# Provided material:

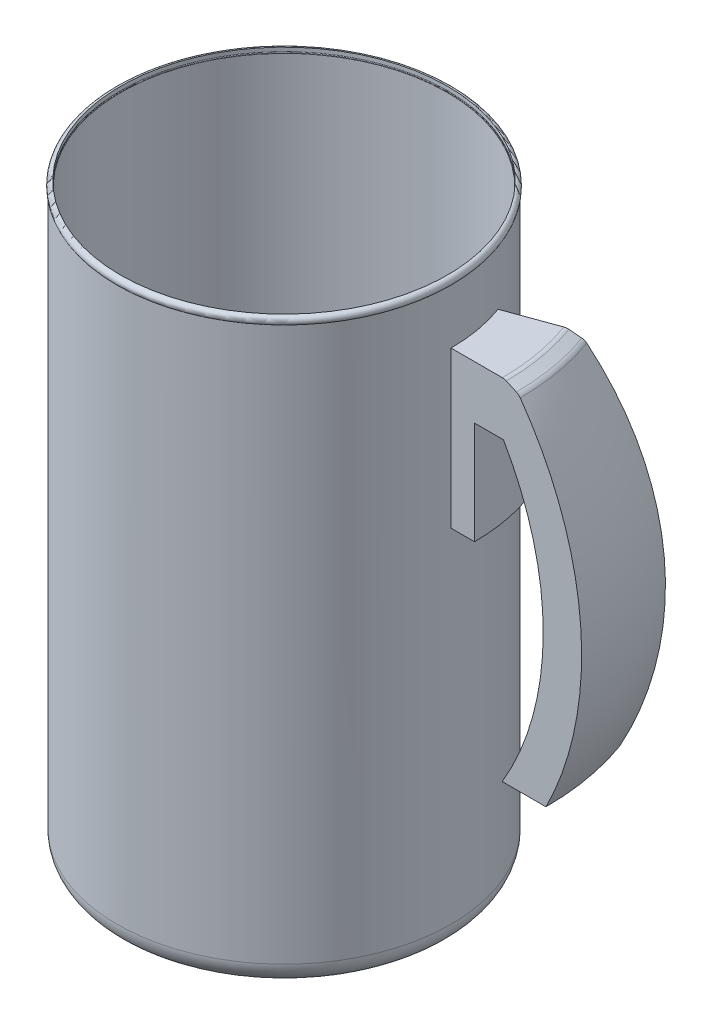
from build123d import *

# Parameters (mm, degrees)
REVOLVE2_ANGLE = 20


with BuildPart() as part:
    # Sketch1 → Revolve1 (revolve)
    with BuildSketch(Plane.XY, mode=Mode.PRIVATE) as revolve1_sk:
        with BuildLine():
            Line((0, 15.190892732), (-75, 15.190892732))
            ThreePointArc((-75, 15.190892732), (-82.071067812, 18.11982492), (-85, 25.190892732))
            Line((-85, 25.190892732), (-85, 314.480751979))
            ThreePointArc((-85, 314.480751979), (-85.048474494, 314.597779759), (-85.165502274, 314.646254252))
            Line((-85.165502274, 314.646254252), (-85.184354085, 314.646254252))
            ThreePointArc((-85.184354085, 314.646254252), (-85.456673325, 314.918573492), (-85.184354085, 315.190892732))
            Line((-85.184354085, 315.190892732), (0, 315.190892732))
            Line((0, 315.190892732), (0, 15.190892732))
        make_face()
    revolve(revolve1_sk.sketch.rotate(Axis((0, 15.190892732, 0), (0, 1, 0)), 270), axis=Axis((0, 15.190892732, 0), (0, 1, 0)))

    # Shell7: read off the stored shape, not the designer's step
    # Shell7 outline → Shell7 (revolve, cut)
    with BuildSketch(Plane.XY):
        with BuildLine():
            Line((85.184354085, 18.844324221), (85.184354085, 315.190892732))
            Line((85.184354085, 315.190892732), (0, 315.190892732))
            Line((0, 315.190892732), (0, 13.190892732))
            Line((0, 13.190892732), (75, 13.190892732))
            ThreePointArc((75, 13.190892732), (80.824138471, 14.699019159), (85.184354085, 18.844324221))
        make_face()
    revolve(axis=Axis((0, 0, 0), (0, 1, 0)), mode=Mode.SUBTRACT)

    # Shell7 2 outline → Shell7 2 (revolve)
    with BuildSketch(Plane.XY):
        with BuildLine():
            Line((85.184354085, 317.190892732), (85.184354085, 18.844324221))
            ThreePointArc((85.184354085, 18.844324221), (86.537162758, 21.890305589), (87, 25.190892732))
            Line((87, 25.190892732), (87, 313.552240941))
            ThreePointArc((87, 313.552240941), (87.21760007, 315.933140145), (85.184354085, 317.190892732))
        make_face()
    revolve(axis=Axis((0, 0, 0), (0, 1, 0)))

    # Shell7 3 outline → Shell7 3 (revolve, cut)
    with BuildSketch(Plane.XY):
        with BuildLine():
            Line((85.184354085, 315.190892732), (85.184354085, 314.646254252))
            ThreePointArc((85.184354085, 314.646254252), (85.456673325, 314.918573492), (85.184354085, 315.190892732))
        make_face()
    revolve(axis=Axis((0, 0, 0), (0, 1, 0)), mode=Mode.SUBTRACT)

    # Shell7 4 outline → Shell7 4 (revolve)
    with BuildSketch(Plane.XY):
        with BuildLine():
            Line((85.184354085, 18.844324221), (85.184354085, 314.646254252))
            Line((85.184354085, 314.646254252), (85.165502274, 314.646254252))
            ThreePointArc((85.165502274, 314.646254252), (85.048474494, 314.597779759), (85, 314.480751979))
            Line((85, 314.480751979), (85, 25.190892732))
            ThreePointArc((85, 25.190892732), (82.071067812, 18.11982492), (75, 15.190892732))
            Line((75, 15.190892732), (0, 15.190892732))
            Line((0, 15.190892732), (0, 13.190892732))
            Line((0, 13.190892732), (75, 13.190892732))
            ThreePointArc((75, 13.190892732), (80.824138471, 14.699019159), (85.184354085, 18.844324221))
        make_face()
    revolve(axis=Axis((0, 0, 0), (0, 1, 0)))

    # Sketch4 → Revolve2 (revolve)
    with BuildSketch(Plane.XY):
        with BuildLine():
            Line((87, 285.165847721), (113.741198075, 285.165847721))
            ThreePointArc((113.741198075, 285.165847721), (114.79047458, 285.054509994), (115.793021461, 284.725455247))
            Line((115.793021461, 284.725455247), (121.036139762, 282.366052012))
            ThreePointArc((121.036139762, 282.366052012), (122.156610921, 281.671227445), (123.056514115, 280.707686559))
            ThreePointArc((123.056514115, 280.707686559), (154.540912997, 193.685812088), (136.46168064, 102.926705841))
            Line((136.46168064, 102.926705841), (113.655526061, 102.926705841))
            ThreePointArc((113.655526061, 102.926705841), (135.027338912, 180.099482709), (114.295923717, 257.446753496))
            Line((114.295923717, 257.446753496), (99.227934217, 257.446753496))
            Line((99.227934217, 257.446753496), (99.227934217, 203.913989012))
            Line((99.227934217, 203.913989012), (87, 203.913989012))
            Line((87, 203.913989012), (87, 285.165847721))
        make_face()
    revolve(axis=Axis((0, 0, 0), (0, 1, 0)), revolution_arc=REVOLVE2_ANGLE)


solid = part.part
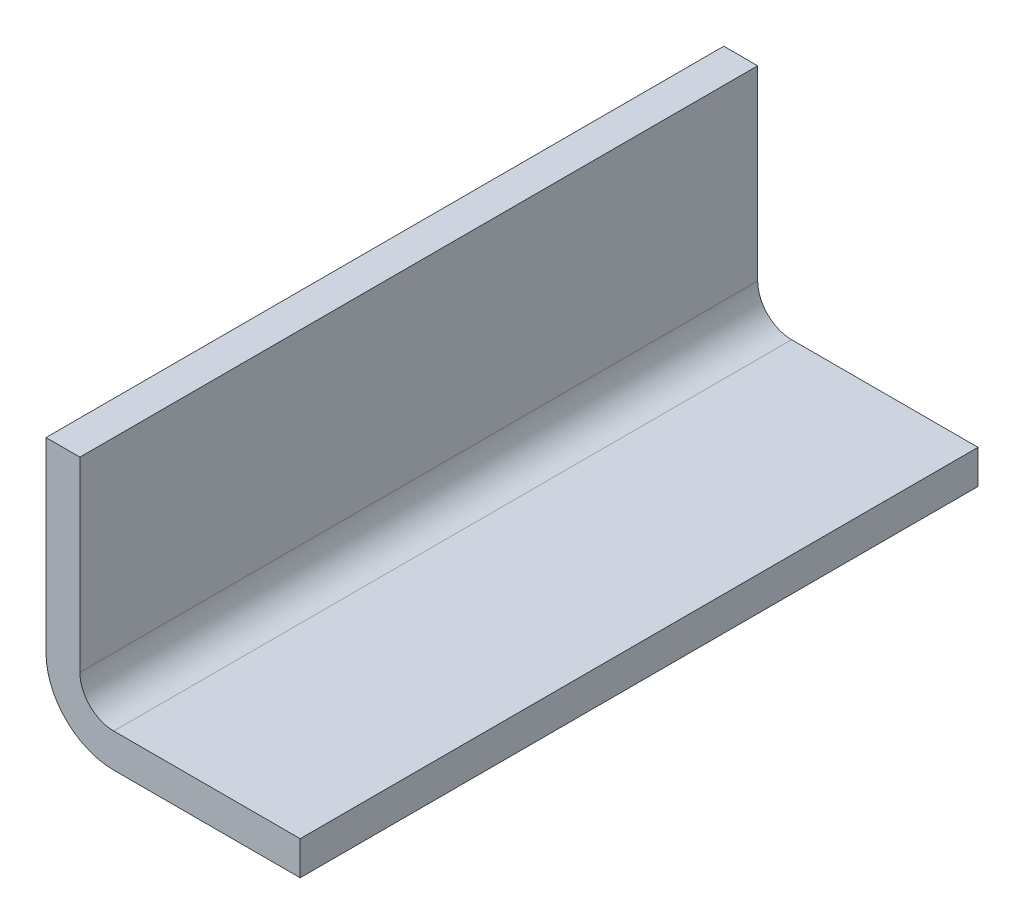
from build123d import *

# Parameters (mm, degrees)
BOSS_EXTRUDE1_DEPTH = 20


with BuildPart() as part:
    # Sketch1 → Boss-Extrude1 (new, symmetric)
    with BuildSketch(Plane.XY):
        with BuildLine():
            Line((0, 4), (0, 15))
            Line((0, 15), (2, 15))
            Line((2, 15), (2, 4))
            ThreePointArc((2, 4), (2.585786438, 2.585786438), (4, 2))
            Line((4, 2), (15, 2))
            Line((15, 2), (15, 0))
            Line((15, 0), (4, 0))
            ThreePointArc((4, 0), (1.171572875, 1.171572875), (0, 4))
        make_face()
    extrude(amount=BOSS_EXTRUDE1_DEPTH, both=True)


solid = part.part
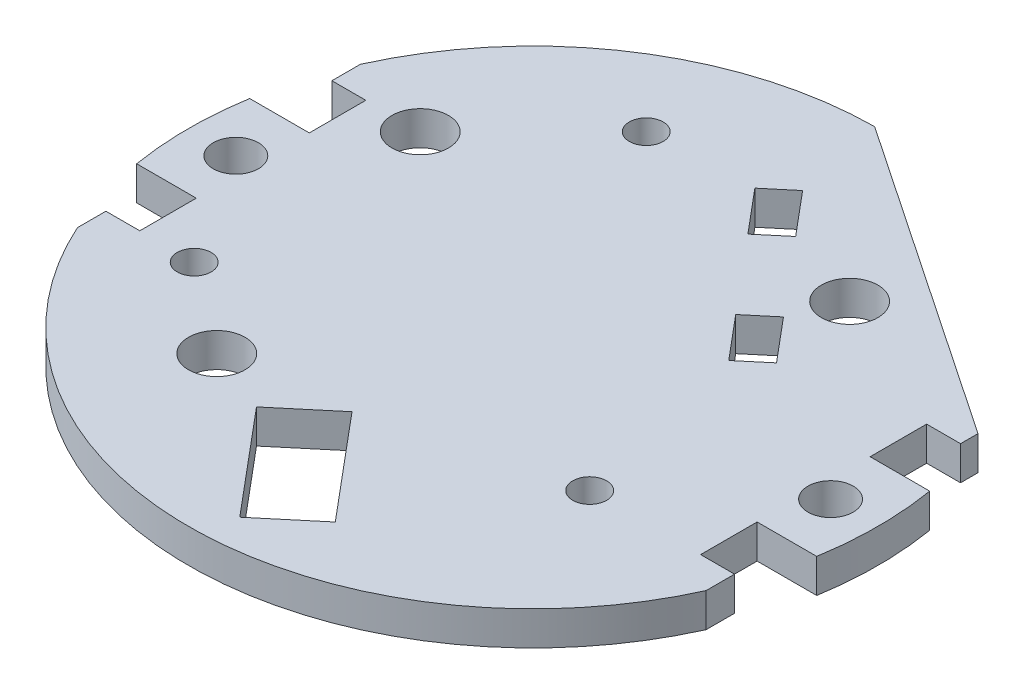
from build123d import *

# Parameters (mm, degrees)
CROQUIS1_R              = 30.5
SALIENTE_EXTRUIR1_DEPTH = 3
CORTAR_EXTRUIR3_START   = -4
CORTAR_EXTRUIR3_DEPTH   = 4
CORTAR_EXTRUIR5_DEPTH   = 4
CROQUIS8_R              = 2.5
CORTAR_EXTRUIR6_DEPTH   = 10
CROQUIS9_R              = 1.5
CORTAR_EXTRUIR7_DEPTH   = 3
CORTAR_EXTRUIR8_START   = -3
CROQUIS10_R             = 2
CORTAR_EXTRUIR8_DEPTH   = 3
CORTAR_EXTRUIR9_START   = -3
CROQUIS11_R             = 2.5
CORTAR_EXTRUIR9_DEPTH   = 3


with BuildPart() as part:
    # Croquis1 → Saliente-Extruir1 (new body)
    with BuildSketch(Plane(origin=(0, 0, 0), x_dir=(1, 0, 0), z_dir=(0, 1, 0))):
        Circle(CROQUIS1_R)
    extrude(amount=SALIENTE_EXTRUIR1_DEPTH)

    # Croquis5 → Cortar-Extruir3 (cut)
    with BuildSketch(Plane(origin=(0, 3, 0), x_dir=(1, 0, 0), z_dir=(0, 1, 0)).offset(CORTAR_EXTRUIR3_START)):
        with BuildLine():
            Line((30.087372767, -5), (24.814059068, -5))
            Line((24.814059068, -5), (24.814059068, -10))
            Line((24.814059068, -10), (28.814059068, -10))
            ThreePointArc((28.814059068, -10), (29.556634924, -7.526973624), (30.087372767, -5))
        make_face()
        with BuildLine():
            Line((24.814059068, 5), (30.087372767, 5))
            ThreePointArc((30.087372767, 5), (29.556634924, 7.526973624), (28.814059068, 10))
            Line((28.814059068, 10), (24.814059068, 10))
            Line((24.814059068, 10), (24.814059068, 5))
        make_face()
        with BuildLine():
            ThreePointArc((-30.087372767, -5), (-29.556634924, -7.526973624), (-28.814059068, -10))
            Line((-28.814059068, -10), (-24.814059068, -10))
            Line((-24.814059068, -10), (-24.814059068, -5))
            Line((-24.814059068, -5), (-30.087372767, -5))
        make_face()
        with BuildLine():
            Line((-24.814059068, 10), (-28.814059068, 10))
            ThreePointArc((-28.814059068, 10), (-29.556634924, 7.526973624), (-30.087372767, 5))
            Line((-30.087372767, 5), (-24.814059068, 5))
            Line((-24.814059068, 5), (-24.814059068, 10))
        make_face()
    extrude(amount=CORTAR_EXTRUIR3_DEPTH, mode=Mode.SUBTRACT)

    # Croquis7 → Cortar-Extruir5 (cut)
    with BuildSketch(Plane(origin=(0, 3, 0), x_dir=(1, 0, 0), z_dir=(0, 1, 0))):
        Polygon((1.428390211, 22.411430151), (-0.869743118, 20.483067322), (2.34419493, 16.652845106), (4.642328259, 18.581207935), align=None)
        Polygon((10.266719844, 11.878319058), (7.968586515, 9.949956229), (11.182524563, 6.119734013), (13.480657893, 8.048096842), align=None)
    extrude(amount=-CORTAR_EXTRUIR5_DEPTH, mode=Mode.SUBTRACT)

    # Croquis8 → Cortar-Extruir6 (cut)
    with BuildSketch(Plane(origin=(0, 3, 0), x_dir=(1, 0, 0), z_dir=(0, 1, 0))):
        with Locations((12, 16)):
            Circle(CROQUIS8_R)
        with Locations((-12, -16)):
            Circle(CROQUIS8_R)
        Polygon((-1.558592329, -14.475370512), (-6.154858987, -18.33209617), (1.558592329, -27.524629488), (6.154858987, -23.66790383), align=None)
    extrude(amount=-CORTAR_EXTRUIR6_DEPTH, mode=Mode.SUBTRACT)

    # Croquis9 → Cortar-Extruir7 (cut)
    with BuildSketch(Plane(origin=(0, 3, 0), x_dir=(1, 0, 0), z_dir=(0, 1, 0))):
        with Locations((-10, 20)):
            Circle(CROQUIS9_R)
        with Locations((-20, -10)):
            Circle(CROQUIS9_R)
        with Locations((15, -10)):
            Circle(CROQUIS9_R)
    extrude(amount=-CORTAR_EXTRUIR7_DEPTH, mode=Mode.SUBTRACT)

    # Croquis10 → Cortar-Extruir8 (cut)
    with BuildSketch(Plane(origin=(0, 3, 0), x_dir=(1, 0, 0), z_dir=(0, 1, 0)).offset(CORTAR_EXTRUIR8_START)):
        with BuildLine():
            Line((-28.814059068, 10), (-27.814059068, 10))
            Line((-27.814059068, 10), (-27.814059068, 12.515115586))
            ThreePointArc((-27.814059068, 12.515115586), (-28.341972277, 11.268655974), (-28.814059068, 10))
        make_face()
        with BuildLine():
            ThreePointArc((28.814059069, 10), (28.341972277, 11.268655974), (27.814059069, 12.515115586))
            Line((27.814059069, 12.515115586), (27.814059069, 10))
            Line((27.814059069, 10), (28.814059069, 10))
        make_face()
        with BuildLine():
            Line((-27.814059068, -12.515115586), (-27.814059068, -10))
            Line((-27.814059068, -10), (-28.814059068, -10))
            ThreePointArc((-28.814059068, -10), (-28.341972277, -11.268655974), (-27.814059068, -12.515115586))
        make_face()
        with BuildLine():
            Line((27.814059069, -10), (27.814059069, -12.515115586))
            ThreePointArc((27.814059069, -12.515115586), (28.341972277, -11.268655974), (28.814059068, -10))
            Line((28.814059068, -10), (27.814059069, -10))
        make_face()
        with Locations((-26.314059068, 0)):
            Circle(CROQUIS10_R)
        with Locations((26.314059069, 0)):
            Circle(CROQUIS10_R)
    extrude(amount=CORTAR_EXTRUIR8_DEPTH, mode=Mode.SUBTRACT)

    # Croquis11 → Cortar-Extruir9 (cut)
    with BuildSketch(Plane(origin=(0, 3, 0), x_dir=(1, 0, 0), z_dir=(0, 1, 0)).offset(CORTAR_EXTRUIR9_START)):
        with BuildLine():
            Line((-0.28585192, 30.498660441), (27.814059069, 11.545031156))
            Line((27.814059069, 11.545031156), (27.814059069, 12.515115586))
            ThreePointArc((27.814059069, 12.515115586), (16.440879496, 25.689442995), (-0.28585192, 30.498660441))
        make_face()
        with Locations((-20, 10)):
            Circle(CROQUIS11_R)
    extrude(amount=CORTAR_EXTRUIR9_DEPTH, mode=Mode.SUBTRACT)


solid = part.part
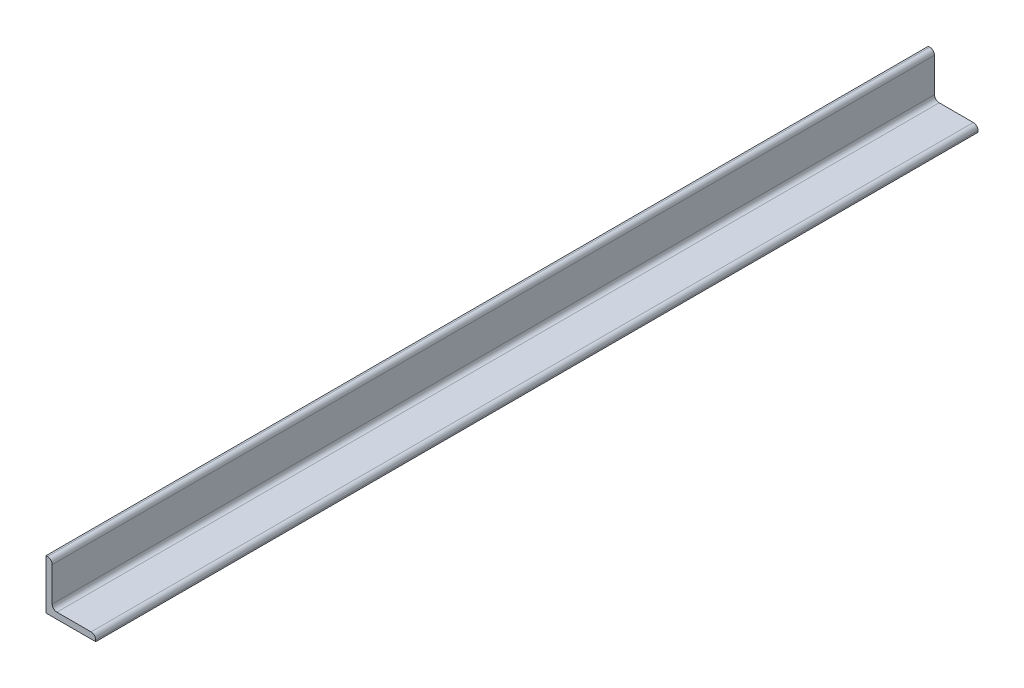
from build123d import *

# Parameters (mm, degrees)
BOSS_EXTRUDE1_DEPTH = 450.85


with BuildPart() as part:
    # Sketch1 → Boss-Extrude1 (new, symmetric)
    with BuildSketch(Plane.XY):
        with BuildLine():
            Line((0, 0), (0, 50.8))
            Line((0, 50.8), (1.59258, 50.8))
            ThreePointArc((1.59258, 50.8), (4.956583943, 49.406583943), (6.35, 46.04258))
            Line((6.35, 46.04258), (6.35, 11.1125))
            ThreePointArc((6.35, 11.1125), (7.744903955, 7.744903955), (11.1125, 6.35))
            Line((11.1125, 6.35), (46.04258, 6.35))
            ThreePointArc((46.04258, 6.35), (49.406583943, 4.956583943), (50.8, 1.59258))
            Line((50.8, 1.59258), (50.8, 0))
            Line((50.8, 0), (0, 0))
        make_face()
    extrude(amount=BOSS_EXTRUDE1_DEPTH, both=True)


solid = part.part

# Requirement:
Word for word, restate the lines above from the line containing "Line((24.814059068, -10), (28.814059068, -10))" through the line containing "Line((28.814059068, 10), (24.814059068, 10))", with both included and nothing else.

# Worked solution:
            Line((24.814059068, -10), (28.814059068, -10))
            ThreePointArc((28.814059068, -10), (29.556634924, -7.526973624), (30.087372767, -5))
        make_face()
        with BuildLine():
            Line((24.814059068, 5), (30.087372767, 5))
            ThreePointArc((30.087372767, 5), (29.556634924, 7.526973624), (28.814059068, 10))
            Line((28.814059068, 10), (24.814059068, 10))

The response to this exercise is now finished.